Re: Checkpointing Dataflow Pipeline

2021-04-07 Thread Vincent Marquez
Looks like this is a common source of confusion, I had similar questions
about checkpointing in the beam slack.

In Spark Structured Streaming, checkpoints are saved to an *external* HDFS
location and persist *beyond* each run, so in the event of a stream
crashing, you can just point your next execution of the stream to the
checkpoint location.  Kafka  (or Kinesis/Redis Stream etc) offsets are
persisted in the checkpoint, so the stream would resume off of the last
committed checkpoint location.

It doesn't seem Beam has an external checkpoint that persists beyond a
single stream execution, so in Beam with Kinesis I believe you'll have to
manage your own offsets deliberately with an external source if you want to
achieve 'exactly once' semantics in the event of shutting down a stream and
 resuming it at a later point.

In Kafka you don't need this since as long as we ensure our offsets are
committed in finalization of a bundle, the offsets for a particular group
id are stored on the server.


On Tue, Apr 6, 2021 at 3:13 PM Kenneth Knowles  wrote:

> This sounds similar to the "Kafka Commit" in
> https://github.com/apache/beam/pull/12572 by +Boyuan Zhang
>  and also to how PubsubIO ACKs messages in the
> finalizer.

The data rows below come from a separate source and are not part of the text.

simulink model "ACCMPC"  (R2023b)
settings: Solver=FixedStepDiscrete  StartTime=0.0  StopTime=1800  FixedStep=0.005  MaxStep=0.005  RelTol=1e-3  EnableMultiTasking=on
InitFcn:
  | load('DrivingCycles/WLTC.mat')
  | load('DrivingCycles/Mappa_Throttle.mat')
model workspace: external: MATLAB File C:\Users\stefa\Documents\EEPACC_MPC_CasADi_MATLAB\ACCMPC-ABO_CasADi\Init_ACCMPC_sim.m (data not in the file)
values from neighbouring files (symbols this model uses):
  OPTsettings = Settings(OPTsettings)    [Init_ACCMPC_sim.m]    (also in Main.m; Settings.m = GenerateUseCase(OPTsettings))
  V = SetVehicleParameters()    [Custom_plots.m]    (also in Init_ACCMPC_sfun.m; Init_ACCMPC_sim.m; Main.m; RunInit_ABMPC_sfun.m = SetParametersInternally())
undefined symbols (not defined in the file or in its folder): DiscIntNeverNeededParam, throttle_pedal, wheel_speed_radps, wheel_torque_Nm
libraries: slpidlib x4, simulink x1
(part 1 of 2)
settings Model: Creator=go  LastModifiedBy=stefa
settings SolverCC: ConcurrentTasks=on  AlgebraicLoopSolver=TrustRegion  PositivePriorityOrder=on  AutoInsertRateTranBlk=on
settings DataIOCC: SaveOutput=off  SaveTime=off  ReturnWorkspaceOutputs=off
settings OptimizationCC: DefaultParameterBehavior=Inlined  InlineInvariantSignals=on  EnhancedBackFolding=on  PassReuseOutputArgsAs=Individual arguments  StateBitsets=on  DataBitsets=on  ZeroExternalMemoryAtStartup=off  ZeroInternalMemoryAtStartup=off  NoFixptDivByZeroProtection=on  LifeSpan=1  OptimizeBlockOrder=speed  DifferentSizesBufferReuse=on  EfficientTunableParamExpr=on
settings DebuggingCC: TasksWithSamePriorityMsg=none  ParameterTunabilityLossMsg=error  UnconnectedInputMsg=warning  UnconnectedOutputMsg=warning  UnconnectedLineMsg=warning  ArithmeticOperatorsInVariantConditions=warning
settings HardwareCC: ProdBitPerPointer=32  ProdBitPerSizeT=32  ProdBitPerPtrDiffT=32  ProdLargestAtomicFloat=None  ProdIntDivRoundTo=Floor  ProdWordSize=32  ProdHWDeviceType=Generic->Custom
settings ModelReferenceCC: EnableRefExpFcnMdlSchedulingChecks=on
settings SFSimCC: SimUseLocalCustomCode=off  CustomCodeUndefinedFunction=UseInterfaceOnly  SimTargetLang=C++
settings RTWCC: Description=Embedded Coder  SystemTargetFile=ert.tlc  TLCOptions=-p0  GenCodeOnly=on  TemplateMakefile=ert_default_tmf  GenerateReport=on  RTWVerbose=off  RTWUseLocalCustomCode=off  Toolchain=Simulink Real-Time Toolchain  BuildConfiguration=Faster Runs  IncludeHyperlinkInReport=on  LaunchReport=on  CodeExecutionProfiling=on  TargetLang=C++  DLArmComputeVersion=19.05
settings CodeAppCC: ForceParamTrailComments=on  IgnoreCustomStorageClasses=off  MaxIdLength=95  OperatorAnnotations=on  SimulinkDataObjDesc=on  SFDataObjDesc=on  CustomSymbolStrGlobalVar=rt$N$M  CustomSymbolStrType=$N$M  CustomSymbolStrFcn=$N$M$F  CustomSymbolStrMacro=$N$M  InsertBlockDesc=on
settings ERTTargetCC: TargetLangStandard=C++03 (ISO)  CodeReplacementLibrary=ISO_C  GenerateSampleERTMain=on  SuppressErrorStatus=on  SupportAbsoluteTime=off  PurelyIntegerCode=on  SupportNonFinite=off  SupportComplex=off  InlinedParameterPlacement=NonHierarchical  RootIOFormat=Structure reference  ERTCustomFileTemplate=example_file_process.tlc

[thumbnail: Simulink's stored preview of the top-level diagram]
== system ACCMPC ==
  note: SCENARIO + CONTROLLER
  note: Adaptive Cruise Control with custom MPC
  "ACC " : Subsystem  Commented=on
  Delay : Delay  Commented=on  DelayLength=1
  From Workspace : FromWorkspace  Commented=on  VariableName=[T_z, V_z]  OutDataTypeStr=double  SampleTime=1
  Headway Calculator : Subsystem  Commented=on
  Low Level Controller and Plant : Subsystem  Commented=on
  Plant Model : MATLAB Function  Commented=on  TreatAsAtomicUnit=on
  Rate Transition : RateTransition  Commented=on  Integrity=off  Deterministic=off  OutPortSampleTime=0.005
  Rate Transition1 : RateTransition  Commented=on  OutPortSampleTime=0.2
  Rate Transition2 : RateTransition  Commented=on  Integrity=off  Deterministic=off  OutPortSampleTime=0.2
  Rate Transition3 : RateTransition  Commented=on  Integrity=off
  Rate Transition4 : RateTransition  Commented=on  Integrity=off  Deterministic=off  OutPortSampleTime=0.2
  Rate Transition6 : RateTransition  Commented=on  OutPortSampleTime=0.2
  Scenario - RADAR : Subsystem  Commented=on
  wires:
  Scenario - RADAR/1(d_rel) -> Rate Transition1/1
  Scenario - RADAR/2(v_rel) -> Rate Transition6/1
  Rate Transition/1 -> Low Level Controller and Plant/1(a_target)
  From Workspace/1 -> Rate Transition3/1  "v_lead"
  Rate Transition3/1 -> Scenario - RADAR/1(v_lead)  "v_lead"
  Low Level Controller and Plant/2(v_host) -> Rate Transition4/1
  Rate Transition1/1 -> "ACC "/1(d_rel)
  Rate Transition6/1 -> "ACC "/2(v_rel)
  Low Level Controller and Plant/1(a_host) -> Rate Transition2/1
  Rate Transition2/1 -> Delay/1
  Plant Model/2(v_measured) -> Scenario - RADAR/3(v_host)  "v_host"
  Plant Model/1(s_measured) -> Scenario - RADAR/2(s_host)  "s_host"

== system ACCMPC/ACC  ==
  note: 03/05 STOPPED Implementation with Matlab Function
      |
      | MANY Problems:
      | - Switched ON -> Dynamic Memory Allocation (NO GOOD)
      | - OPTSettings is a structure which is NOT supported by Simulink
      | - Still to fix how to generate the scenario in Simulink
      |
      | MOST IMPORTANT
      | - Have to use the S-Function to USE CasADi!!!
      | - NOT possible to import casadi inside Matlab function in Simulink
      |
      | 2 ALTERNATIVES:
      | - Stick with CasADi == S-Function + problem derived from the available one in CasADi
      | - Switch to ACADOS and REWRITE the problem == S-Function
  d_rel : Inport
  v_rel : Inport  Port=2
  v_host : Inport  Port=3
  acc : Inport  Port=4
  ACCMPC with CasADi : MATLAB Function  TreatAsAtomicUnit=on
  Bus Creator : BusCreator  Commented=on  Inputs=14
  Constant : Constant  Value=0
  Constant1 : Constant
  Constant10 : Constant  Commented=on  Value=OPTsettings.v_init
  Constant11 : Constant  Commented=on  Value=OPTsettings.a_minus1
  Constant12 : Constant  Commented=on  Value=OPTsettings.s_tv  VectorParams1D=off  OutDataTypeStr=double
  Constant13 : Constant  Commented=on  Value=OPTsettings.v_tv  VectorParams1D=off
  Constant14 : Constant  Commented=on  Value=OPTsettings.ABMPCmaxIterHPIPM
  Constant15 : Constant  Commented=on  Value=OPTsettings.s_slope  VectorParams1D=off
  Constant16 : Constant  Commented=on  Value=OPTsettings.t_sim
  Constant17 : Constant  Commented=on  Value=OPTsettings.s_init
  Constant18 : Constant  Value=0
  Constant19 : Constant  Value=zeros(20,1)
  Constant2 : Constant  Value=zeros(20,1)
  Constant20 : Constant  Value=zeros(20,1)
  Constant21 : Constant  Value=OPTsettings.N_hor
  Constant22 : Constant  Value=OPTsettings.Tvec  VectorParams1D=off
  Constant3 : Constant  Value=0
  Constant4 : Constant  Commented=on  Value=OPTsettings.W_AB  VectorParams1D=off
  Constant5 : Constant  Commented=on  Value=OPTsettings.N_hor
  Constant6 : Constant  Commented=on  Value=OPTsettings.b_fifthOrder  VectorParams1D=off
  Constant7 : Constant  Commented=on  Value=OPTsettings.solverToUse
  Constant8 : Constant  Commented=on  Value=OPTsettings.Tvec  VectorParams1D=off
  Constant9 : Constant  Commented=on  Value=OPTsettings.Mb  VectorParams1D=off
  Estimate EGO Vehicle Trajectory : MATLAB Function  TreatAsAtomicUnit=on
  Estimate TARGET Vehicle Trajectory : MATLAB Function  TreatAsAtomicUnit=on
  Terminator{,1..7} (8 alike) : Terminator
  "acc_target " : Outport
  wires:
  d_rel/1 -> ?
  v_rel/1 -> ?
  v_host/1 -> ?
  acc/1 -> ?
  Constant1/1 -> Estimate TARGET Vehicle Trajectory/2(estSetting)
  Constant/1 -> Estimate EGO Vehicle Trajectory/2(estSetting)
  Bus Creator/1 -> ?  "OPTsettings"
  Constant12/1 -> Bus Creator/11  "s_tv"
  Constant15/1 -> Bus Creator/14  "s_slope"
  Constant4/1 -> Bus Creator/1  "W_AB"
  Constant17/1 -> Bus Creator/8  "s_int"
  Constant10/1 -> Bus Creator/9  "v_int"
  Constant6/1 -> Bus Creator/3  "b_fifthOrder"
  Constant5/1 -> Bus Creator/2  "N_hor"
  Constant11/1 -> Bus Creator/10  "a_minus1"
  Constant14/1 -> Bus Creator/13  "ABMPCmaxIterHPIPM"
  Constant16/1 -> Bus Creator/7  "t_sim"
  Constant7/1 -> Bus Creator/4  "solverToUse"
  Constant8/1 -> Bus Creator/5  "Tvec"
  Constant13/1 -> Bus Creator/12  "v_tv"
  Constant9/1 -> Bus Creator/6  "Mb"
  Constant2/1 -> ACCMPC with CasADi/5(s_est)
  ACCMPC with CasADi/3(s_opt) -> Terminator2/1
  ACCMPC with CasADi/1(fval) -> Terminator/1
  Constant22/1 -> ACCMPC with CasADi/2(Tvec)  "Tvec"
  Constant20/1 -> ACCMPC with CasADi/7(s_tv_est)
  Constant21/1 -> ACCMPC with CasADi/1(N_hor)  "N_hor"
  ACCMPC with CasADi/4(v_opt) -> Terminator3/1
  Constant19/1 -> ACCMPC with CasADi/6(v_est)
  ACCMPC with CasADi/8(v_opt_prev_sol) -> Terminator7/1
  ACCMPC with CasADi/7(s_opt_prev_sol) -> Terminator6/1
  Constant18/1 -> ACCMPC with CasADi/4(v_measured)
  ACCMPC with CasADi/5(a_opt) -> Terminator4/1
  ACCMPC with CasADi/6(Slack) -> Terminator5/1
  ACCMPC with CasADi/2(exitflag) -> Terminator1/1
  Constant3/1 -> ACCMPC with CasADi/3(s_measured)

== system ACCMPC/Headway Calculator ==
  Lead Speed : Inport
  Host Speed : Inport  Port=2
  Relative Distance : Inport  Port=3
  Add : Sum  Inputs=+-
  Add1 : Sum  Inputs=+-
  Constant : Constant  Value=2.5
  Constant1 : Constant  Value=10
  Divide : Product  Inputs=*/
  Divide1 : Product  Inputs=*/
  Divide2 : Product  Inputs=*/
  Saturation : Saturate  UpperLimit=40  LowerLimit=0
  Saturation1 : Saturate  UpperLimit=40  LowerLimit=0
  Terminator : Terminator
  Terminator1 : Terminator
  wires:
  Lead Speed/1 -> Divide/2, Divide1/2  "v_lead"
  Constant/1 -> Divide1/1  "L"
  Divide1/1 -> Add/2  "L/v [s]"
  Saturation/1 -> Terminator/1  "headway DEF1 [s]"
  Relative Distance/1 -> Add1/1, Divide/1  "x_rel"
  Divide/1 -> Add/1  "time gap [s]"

I don't know much about KinesisIO or how Kinesis works. I was
> just asking to clarify, in case other folks know more, like +Alexey
> Romanenko  and +Ismaël Mejía  
> have
> modified KinesisIO. If the feature does not exist today, perhaps we can
> identify the best practices around this pattern.
>
> Kenn
>
> On Tue, Apr 6, 2021 at 1:59 PM Michael Luckey  wrote:
>
>> Hi Kenn,
>>
>> yes, resuming reading at the proper timestamp is exactly the issue we are
>> currently struggling with. E.g. with Kinesis Client Lib we could store the
>> last read within some dynamo table. This mechanism is not used with beam,
>> as we understand, the runner is responsible to track that checkpoint mark.
>>
>> Now, obviously on restarting the pipeline, e.g. on non compatible
>> upgrade, that is, an pipeline update is just not feasible, there must be
>> some mechanism in place on how Dataflow will know where to continue. Is
>> that simply the pipeline name? Or is there more involved? So how does
>> checkpointing actually work here?
>>
>> Based on 'name', wouldn't that imply that something like (example taken
>> from
>> https://cloud.google.com/dataflow/docs/guides/templates/using-flex-templates
>> )
>>
>>   export REGION="us-central1"
>>
>>   gcloud dataflow flex-template run "streaming-beam-sql-`date 
>> +%Y%m%d-%H%M%S`" \
>> --template-file-gcs-location "$TEMPLATE_PATH" \
>> --parameters inputSubscription="$SUBSCRIPTION" \
>> --parameters outputTable="$PROJECT:$DATASET.$TABLE" \
>> --region "$REGION"
>>
>> will not resume on last read on rerun, because the name obviously changes
>> here?
>>
>> best,
>>
>> michel
>>
>>
>>
>> On Tue, Apr 6, 2021 at 10:38 PM Kenneth Knowles  wrote:
>>
>>> I would assume the main issue is resuming reading from the Kinesis
>>> stream from the last read? In the case for Pubsub (just as another example
>>> of the idea) this is part of the internal state of a pre-created
>>> subscription.
>>>
>>> Kenn
>>>
>>> On Tue, Apr 6, 2021 at 1:26 PM Michael Luckey 
>>> wrote:
>>>
 Hi list,

 with our current project we are implementing our streaming pipeline
 based on Google Dataflow.

 Essentially we receive input via Kinesis, doing some filtering,
 enrichment and sessionizing and output to PubSub and/or google storage.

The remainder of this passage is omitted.